▶ WHAT TO PRODUCE
From the records below, output exactly the lines running from the line containing "Switch Case Action Subsystem : Subsystem" through the line containing "Switch Case Action Subsystem3 : Subsystem", and no others.

Items from a data source
-------------------------

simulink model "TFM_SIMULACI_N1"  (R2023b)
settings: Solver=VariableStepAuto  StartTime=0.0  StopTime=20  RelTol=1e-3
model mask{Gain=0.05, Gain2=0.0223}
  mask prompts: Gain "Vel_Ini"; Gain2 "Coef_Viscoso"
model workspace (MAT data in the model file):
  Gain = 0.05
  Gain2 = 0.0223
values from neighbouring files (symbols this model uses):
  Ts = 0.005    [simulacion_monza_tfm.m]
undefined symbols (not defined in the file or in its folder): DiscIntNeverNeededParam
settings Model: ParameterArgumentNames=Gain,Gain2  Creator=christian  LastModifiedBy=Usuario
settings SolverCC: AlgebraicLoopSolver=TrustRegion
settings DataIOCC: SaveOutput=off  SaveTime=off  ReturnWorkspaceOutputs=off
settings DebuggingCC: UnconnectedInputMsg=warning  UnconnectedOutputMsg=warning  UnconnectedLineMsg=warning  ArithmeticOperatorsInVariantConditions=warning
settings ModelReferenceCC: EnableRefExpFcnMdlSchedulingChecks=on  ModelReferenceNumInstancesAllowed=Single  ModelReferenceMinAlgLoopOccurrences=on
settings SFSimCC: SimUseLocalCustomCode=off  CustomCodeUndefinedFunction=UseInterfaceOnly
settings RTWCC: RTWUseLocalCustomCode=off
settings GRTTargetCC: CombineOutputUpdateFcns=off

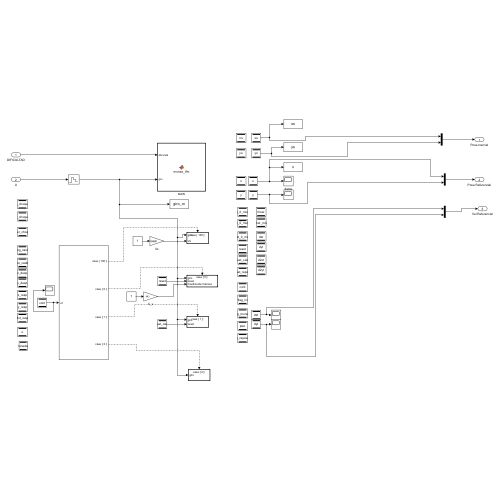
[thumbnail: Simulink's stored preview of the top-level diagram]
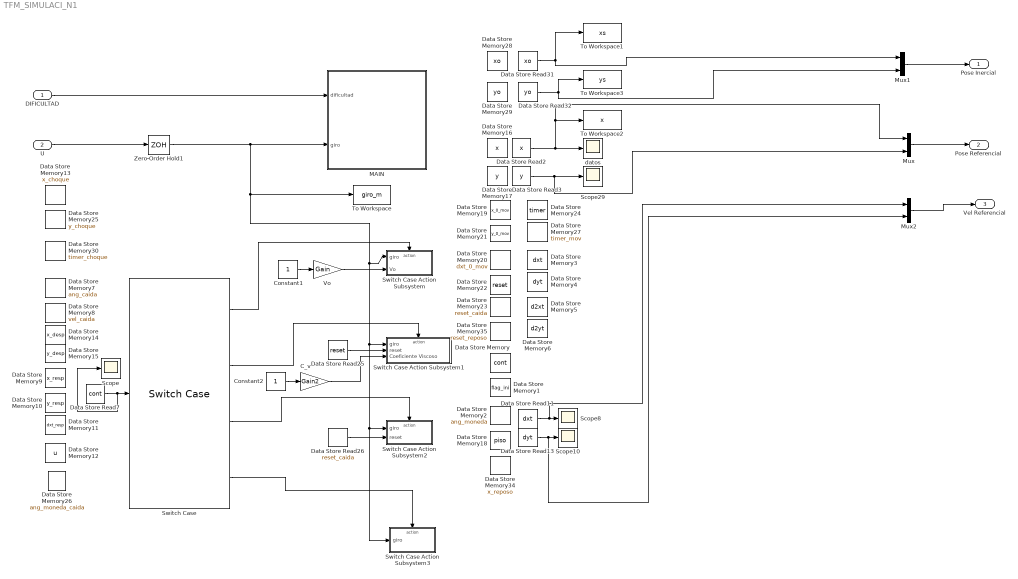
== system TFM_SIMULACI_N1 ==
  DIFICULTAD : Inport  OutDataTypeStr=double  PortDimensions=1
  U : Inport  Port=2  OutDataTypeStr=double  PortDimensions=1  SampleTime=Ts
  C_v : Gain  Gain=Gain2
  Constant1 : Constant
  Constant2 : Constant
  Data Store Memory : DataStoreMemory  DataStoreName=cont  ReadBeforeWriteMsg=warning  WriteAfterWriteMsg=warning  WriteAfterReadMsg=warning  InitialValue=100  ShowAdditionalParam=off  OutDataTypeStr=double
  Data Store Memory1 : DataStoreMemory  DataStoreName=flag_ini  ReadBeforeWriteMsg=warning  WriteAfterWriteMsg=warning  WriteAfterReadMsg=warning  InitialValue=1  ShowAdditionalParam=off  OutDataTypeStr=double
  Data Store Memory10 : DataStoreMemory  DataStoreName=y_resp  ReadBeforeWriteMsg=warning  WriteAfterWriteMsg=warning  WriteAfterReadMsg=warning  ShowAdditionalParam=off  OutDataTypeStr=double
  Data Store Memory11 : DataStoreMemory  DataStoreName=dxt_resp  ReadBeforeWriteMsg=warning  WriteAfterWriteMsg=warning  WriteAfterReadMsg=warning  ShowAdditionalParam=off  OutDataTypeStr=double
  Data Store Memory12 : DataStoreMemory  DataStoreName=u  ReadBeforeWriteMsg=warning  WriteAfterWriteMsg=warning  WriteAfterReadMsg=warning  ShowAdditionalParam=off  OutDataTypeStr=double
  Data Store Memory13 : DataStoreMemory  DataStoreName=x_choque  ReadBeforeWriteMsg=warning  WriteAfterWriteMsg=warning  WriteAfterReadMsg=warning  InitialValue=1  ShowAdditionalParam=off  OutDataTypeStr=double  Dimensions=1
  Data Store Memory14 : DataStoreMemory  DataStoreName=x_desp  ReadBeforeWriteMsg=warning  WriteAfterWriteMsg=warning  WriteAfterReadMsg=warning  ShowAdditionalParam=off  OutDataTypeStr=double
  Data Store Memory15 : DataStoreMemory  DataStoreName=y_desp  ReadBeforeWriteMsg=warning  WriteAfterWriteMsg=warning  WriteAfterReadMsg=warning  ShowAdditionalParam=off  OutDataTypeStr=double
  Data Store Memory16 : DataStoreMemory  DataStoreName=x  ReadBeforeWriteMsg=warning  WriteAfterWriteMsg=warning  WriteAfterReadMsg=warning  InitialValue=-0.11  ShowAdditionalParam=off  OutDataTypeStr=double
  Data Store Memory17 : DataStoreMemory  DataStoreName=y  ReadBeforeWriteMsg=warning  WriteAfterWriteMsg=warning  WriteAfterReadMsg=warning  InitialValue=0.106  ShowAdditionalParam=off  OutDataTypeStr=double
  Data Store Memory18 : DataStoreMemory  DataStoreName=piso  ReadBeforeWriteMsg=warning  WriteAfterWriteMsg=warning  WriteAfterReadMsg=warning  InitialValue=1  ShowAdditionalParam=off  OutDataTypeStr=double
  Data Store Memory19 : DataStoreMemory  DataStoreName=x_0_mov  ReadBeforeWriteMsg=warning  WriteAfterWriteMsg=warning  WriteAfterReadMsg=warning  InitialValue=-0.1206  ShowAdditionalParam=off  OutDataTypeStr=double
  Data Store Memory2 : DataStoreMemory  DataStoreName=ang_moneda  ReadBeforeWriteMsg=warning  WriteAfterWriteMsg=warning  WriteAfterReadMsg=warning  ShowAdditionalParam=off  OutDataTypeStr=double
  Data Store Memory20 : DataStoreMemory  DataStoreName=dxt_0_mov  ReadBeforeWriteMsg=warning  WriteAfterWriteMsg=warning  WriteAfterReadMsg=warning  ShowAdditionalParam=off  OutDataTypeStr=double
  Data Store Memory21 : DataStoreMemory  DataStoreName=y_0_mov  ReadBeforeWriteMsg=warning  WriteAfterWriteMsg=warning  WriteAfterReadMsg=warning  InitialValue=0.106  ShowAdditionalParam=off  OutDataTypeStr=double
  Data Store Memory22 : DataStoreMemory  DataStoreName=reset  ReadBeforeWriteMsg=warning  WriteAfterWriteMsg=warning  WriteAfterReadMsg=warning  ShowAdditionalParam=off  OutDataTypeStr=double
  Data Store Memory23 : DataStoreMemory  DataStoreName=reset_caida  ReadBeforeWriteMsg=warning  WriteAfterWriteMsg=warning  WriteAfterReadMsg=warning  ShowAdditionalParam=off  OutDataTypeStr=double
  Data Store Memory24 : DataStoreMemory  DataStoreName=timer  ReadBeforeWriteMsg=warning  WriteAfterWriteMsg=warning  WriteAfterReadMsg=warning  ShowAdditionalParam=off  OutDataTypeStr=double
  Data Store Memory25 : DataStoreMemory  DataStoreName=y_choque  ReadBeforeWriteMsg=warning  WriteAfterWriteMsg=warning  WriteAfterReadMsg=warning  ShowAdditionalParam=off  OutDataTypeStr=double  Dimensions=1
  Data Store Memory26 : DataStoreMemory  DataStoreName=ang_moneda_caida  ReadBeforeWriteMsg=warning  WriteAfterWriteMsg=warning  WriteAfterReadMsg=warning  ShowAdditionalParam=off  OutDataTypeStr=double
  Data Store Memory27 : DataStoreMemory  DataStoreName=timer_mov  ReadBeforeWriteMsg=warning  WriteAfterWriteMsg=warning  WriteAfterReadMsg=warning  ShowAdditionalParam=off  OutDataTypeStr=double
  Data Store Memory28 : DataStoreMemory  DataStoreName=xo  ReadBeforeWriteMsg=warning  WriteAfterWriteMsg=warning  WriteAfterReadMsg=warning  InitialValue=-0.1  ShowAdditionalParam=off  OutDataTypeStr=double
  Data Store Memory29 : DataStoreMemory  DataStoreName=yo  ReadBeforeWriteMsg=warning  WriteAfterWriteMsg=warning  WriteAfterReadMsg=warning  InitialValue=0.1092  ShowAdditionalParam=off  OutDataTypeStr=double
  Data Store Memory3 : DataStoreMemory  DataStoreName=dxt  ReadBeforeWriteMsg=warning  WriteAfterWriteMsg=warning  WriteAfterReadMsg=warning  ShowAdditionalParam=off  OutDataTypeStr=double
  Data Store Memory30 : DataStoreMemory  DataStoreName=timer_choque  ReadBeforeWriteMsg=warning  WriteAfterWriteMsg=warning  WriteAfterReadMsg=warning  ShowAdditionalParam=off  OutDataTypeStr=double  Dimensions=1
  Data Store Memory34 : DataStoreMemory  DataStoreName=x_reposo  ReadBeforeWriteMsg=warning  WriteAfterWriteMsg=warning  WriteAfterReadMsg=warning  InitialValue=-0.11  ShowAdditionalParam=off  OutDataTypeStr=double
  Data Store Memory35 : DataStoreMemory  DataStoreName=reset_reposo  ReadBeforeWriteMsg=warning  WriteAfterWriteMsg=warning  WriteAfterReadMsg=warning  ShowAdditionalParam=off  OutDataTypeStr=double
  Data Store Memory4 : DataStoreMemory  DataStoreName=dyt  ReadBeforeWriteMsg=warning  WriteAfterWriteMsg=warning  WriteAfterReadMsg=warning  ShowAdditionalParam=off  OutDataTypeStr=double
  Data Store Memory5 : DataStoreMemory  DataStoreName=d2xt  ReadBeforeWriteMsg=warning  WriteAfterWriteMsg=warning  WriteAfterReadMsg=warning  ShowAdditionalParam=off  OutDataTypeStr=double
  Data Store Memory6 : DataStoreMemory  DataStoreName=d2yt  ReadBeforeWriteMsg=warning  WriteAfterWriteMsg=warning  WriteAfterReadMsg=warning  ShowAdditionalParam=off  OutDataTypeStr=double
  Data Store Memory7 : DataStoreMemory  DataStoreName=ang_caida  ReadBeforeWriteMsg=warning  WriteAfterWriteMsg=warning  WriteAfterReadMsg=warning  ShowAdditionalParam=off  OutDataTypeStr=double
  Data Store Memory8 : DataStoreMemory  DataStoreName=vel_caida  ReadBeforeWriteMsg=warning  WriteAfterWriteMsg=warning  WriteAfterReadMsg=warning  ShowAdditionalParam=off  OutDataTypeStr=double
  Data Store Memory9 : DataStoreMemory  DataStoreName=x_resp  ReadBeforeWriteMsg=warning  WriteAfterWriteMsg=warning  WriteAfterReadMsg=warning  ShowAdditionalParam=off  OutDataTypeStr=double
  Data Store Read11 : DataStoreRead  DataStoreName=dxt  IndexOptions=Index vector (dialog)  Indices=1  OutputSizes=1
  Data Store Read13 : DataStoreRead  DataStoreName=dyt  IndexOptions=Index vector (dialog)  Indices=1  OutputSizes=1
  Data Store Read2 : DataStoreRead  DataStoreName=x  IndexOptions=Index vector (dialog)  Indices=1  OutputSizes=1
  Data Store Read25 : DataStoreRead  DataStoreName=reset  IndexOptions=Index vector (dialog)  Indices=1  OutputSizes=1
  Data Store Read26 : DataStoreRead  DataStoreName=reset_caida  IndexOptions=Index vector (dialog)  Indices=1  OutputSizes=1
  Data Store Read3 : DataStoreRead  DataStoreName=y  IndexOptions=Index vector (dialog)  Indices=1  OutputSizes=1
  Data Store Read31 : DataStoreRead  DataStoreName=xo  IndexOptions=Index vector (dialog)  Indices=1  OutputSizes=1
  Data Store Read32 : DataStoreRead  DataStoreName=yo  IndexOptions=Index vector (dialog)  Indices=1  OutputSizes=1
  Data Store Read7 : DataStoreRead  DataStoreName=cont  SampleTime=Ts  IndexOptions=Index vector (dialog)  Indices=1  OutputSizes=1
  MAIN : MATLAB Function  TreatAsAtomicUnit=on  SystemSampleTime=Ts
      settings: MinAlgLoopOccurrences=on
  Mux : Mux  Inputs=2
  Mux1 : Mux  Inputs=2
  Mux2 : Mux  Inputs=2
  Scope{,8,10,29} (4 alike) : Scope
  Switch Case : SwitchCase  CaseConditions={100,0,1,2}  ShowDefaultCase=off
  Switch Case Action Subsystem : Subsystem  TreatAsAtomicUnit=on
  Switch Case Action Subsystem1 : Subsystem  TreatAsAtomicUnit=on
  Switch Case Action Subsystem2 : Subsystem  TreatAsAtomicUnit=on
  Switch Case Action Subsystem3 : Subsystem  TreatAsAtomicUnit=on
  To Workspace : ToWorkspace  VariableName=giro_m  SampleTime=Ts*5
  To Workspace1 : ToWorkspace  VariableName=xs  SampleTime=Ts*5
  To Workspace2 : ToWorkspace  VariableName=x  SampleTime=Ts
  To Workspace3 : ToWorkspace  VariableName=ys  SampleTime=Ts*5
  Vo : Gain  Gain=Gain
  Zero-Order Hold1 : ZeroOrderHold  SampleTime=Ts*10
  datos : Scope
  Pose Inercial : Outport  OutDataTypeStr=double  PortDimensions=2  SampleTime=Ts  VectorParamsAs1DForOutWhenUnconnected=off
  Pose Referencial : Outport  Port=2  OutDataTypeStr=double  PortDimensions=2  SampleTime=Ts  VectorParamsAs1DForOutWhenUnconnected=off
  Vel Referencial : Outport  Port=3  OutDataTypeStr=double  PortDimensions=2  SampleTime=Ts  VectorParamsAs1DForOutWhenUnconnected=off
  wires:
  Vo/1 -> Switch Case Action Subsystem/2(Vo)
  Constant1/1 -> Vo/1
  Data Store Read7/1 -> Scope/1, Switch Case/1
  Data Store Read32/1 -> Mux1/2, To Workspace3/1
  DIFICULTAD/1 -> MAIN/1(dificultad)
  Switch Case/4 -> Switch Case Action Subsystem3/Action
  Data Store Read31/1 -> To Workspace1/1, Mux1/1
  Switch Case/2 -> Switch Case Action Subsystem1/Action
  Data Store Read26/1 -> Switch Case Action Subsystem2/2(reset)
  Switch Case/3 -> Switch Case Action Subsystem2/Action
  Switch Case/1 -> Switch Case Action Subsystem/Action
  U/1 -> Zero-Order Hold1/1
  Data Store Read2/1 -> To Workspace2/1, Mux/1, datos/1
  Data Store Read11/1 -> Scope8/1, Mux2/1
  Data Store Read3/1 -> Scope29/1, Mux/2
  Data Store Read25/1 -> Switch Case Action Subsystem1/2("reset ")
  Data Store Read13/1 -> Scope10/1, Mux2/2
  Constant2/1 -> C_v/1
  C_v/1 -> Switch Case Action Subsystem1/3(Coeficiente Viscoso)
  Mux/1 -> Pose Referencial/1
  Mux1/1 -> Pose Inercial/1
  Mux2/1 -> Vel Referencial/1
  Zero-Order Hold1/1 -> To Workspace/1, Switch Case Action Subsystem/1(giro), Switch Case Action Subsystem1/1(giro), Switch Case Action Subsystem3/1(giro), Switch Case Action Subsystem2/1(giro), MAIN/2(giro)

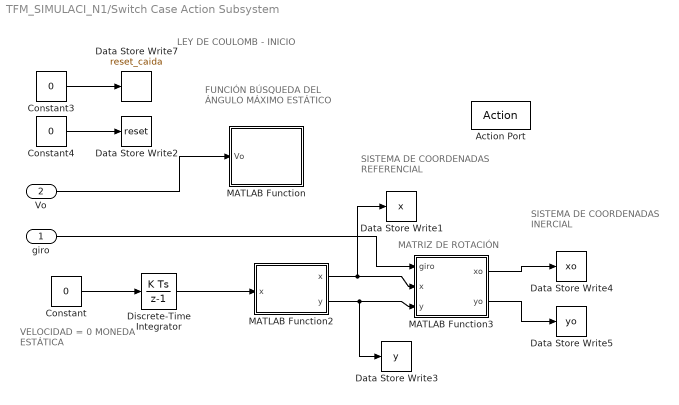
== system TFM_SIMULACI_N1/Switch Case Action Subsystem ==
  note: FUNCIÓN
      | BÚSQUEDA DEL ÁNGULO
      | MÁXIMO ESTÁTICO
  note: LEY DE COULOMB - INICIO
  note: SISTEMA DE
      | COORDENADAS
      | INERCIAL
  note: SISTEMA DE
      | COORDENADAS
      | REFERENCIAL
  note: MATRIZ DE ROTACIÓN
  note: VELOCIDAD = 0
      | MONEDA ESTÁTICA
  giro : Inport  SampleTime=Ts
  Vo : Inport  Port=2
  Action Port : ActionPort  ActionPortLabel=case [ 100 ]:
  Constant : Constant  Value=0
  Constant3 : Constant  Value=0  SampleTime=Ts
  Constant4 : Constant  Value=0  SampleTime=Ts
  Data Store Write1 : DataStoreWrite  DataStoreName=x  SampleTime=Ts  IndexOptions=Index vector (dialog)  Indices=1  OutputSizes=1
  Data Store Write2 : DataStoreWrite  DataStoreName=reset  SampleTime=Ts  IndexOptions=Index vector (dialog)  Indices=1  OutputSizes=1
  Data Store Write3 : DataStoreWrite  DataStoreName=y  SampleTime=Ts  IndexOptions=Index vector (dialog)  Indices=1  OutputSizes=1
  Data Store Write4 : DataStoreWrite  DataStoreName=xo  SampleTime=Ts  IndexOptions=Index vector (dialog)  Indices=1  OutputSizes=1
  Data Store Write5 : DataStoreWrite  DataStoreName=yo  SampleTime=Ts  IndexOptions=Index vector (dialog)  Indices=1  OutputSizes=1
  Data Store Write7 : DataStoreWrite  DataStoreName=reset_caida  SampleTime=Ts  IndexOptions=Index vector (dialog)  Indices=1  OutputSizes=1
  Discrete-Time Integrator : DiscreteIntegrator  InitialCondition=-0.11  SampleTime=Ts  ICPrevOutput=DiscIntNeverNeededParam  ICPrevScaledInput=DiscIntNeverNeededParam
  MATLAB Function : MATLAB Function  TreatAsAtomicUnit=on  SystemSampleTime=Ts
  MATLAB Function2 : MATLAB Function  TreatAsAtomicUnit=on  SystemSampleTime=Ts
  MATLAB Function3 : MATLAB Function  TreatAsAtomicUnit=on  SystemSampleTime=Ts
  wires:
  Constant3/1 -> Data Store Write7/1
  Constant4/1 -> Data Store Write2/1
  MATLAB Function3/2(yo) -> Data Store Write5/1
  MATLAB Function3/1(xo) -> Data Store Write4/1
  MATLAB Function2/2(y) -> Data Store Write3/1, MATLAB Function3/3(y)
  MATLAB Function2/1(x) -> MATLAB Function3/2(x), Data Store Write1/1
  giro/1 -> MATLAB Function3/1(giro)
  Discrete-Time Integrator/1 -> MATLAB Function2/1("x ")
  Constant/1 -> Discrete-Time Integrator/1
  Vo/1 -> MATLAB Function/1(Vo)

-------------------------

▶ TASK RESPONSE
  Switch Case Action Subsystem : Subsystem  TreatAsAtomicUnit=on
  Switch Case Action Subsystem1 : Subsystem  TreatAsAtomicUnit=on
  Switch Case Action Subsystem2 : Subsystem  TreatAsAtomicUnit=on
  Switch Case Action Subsystem3 : Subsystem  TreatAsAtomicUnit=on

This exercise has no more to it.